### Task prompt
State how many lines in the records below include the word "dxfattribs". Give nothing but that number.

### Material to process
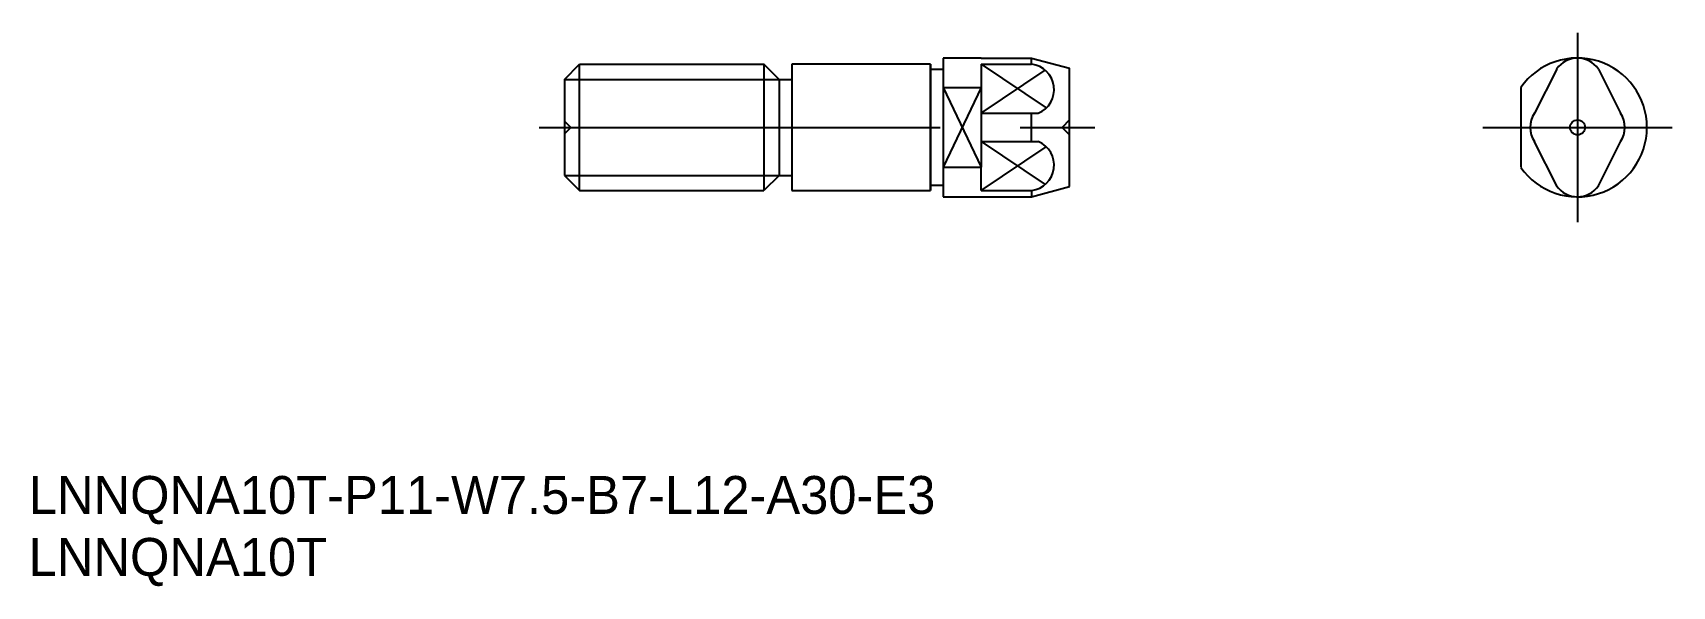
# Model space of a CAD drawing. Extents: x 43 to 173, y 108 to 151.
import ezdxf

# ---------------------------------------------------------------- set-up
doc = ezdxf.new("R2010")
doc.units = 0
doc.linetypes.add('CENTER', pattern=[50.8, 31.75, -6.35, 6.35, -6.35])
doc.linetypes.add('DASHED', pattern=[19.05, 12.7, -6.35])
doc.layers.get('0').update_dxf_attribs({"linetype": 'CONTINUOUS'})
doc.layers.add('CENTER', color=1, linetype='CENTER')

# ---------------------------------------------------------------- blocks, each defined once
blk = doc.blocks.new('*U2')
at = {"color": 7, "linetype": 'CONTINUOUS'}
blk.add_text('LNNQNA10T', height=3, dxfattribs=at).set_placement((42.36, 108.4))
blk = doc.blocks.new('*U3')
at = {"color": 7, "linetype": 'CONTINUOUS'}
blk.add_text('LNNQNA10T-P11-W7.5-B7-L12-A30-E3', height=3, dxfattribs=at).set_placement((42.37, 113.31))

msp = doc.modelspace()

# ---------------------------------------------------------------- linework, layer by layer
at = {"color": 7, "linetype": 'CONTINUOUS'}
for p, q in [((117.79, 149.43), (114.79, 149.43)), ((114.79, 149.43), (114.79, 138.43)), ((117.79, 149.43), (121.79, 149.43)), ((121.79, 149.43), (124.79, 148.63)), ((84.79, 147.73), (85.99, 148.93)), ((85.99, 138.93), (85.99, 148.93)), ((85.99, 148.93), (100.59, 148.93)), ((100.59, 148.93), (100.59, 138.93)), ((101.79, 147.73), (100.59, 148.93)), ((113.79, 148.93), (102.79, 148.93)), ((102.79, 148.93), (102.79, 138.93)), ((113.79, 148.93), (113.79, 138.93)), ((113.79, 138.93), (113.79, 148.93)), ((114.79, 148.53), (113.79, 148.53)), ((117.79, 148.43), (117.79, 148.43)), ((117.79, 148.43), (117.79, 148.43)), ((124.79, 139.24), (124.79, 148.63)), ((163.37, 148.56), (161.62, 145.06)), ((166.67, 148.56), (168.42, 145.06)), ((84.79, 147.73), (84.79, 140.13)), ((101.79, 147.73), (101.79, 140.13)), ((101.79, 147.73), (102.79, 147.73)), ((114.79, 147.09), (117.79, 147.09)), ((117.79, 147.09), (117.79, 140.77)), ((160.52, 147.09), (160.52, 140.77)), ((163.37, 139.3), (161.62, 142.8)), ((166.67, 139.3), (168.42, 142.8)), ((114.79, 140.77), (117.79, 140.77)), ((84.79, 140.13), (85.99, 138.93)), ((85.99, 138.93), (100.59, 138.93)), ((101.79, 140.13), (100.59, 138.93)), ((101.79, 140.13), (102.79, 140.13)), ((102.79, 138.93), (113.79, 138.93)), ((114.79, 139.33), (113.79, 139.33)), ((121.79, 138.43), (124.79, 139.24)), ((114.79, 138.43), (117.79, 138.43)), ((117.79, 138.43), (121.79, 138.43))]:
    msp.add_line(p, q, dxfattribs=at)
at = {"color": 3, "linetype": 'CONTINUOUS'}
for p, q in [((121.79, 148.91), (121.79, 149.43)), ((117.79, 148.93), (121.79, 148.93)), ((117.79, 148.93), (122.95, 145.47)), ((117.79, 148.93), (117.79, 147.09)), ((117.79, 145.06), (122.86, 148.46)), ((84.79, 147.73), (101.79, 147.73)), ((114.79, 147.09), (117.79, 140.77)), ((117.79, 147.09), (114.79, 140.77)), ((117.79, 145.06), (122.31, 145.06)), ((121.79, 142.81), (121.79, 145.06)), ((117.79, 142.81), (122.31, 142.81)), ((117.79, 142.81), (122.86, 139.4)), ((117.79, 138.93), (122.95, 142.39)), ((117.79, 138.93), (117.79, 140.77)), ((84.79, 140.13), (101.79, 140.13)), ((117.79, 138.93), (121.79, 138.93)), ((121.79, 138.95), (121.79, 138.43))]:
    msp.add_line(p, q, dxfattribs=at)
at = {"color": 3, "linetype": 'DASHED'}
for p, q in [((85.29, 143.93), (84.79, 144.43)), ((124.79, 144.52), (124.2, 143.93)), ((85.29, 143.93), (84.79, 143.43)), ((124.2, 143.93), (124.79, 143.34))]:
    msp.add_line(p, q, dxfattribs=at)
at = {"color": 7, "linetype": 'CONTINUOUS'}
msp.add_circle((165.02, 143.93), 0.59, dxfattribs=at)
for centre, radius, start, end in [((165.02, 143.93), 5.5, 215.0968, 144.9032), ((165.02, 147.43), 2, 34.2869, 145.7131), ((163.27, 143.93), 2, 145.7131, 214.2869), ((166.77, 143.93), 2, 325.7131, 34.2869), ((165.02, 140.43), 2, 214.2869, 325.7131)]:
    msp.add_arc(centre, radius, start, end, dxfattribs=at)
at = {"color": 3, "linetype": 'CONTINUOUS'}
for centre, start, end in [((121.55, 146.93), 292.345, 83.0401), ((121.55, 140.94), 276.9599, 67.655)]:
    msp.add_arc(centre, 2.02, start, end, dxfattribs=at)
at = {"layer": 'CENTER', "color": 1, "linetype": 'CENTER'}
for p, q in [((165.02, 151.43), (165.02, 136.43)), ((82.79, 143.93), (126.79, 143.93)), ((157.52, 143.93), (172.52, 143.93))]:
    msp.add_line(p, q, dxfattribs=at)

# ---------------------------------------------------------------- block references
at = {"color": 7, "linetype": 'CONTINUOUS'}
for name in ['*U3', '*U2']:
    msp.add_blockref(name, (0, 0), dxfattribs=at)

doc.saveas('drawing.dxf')

### Answer to this task
10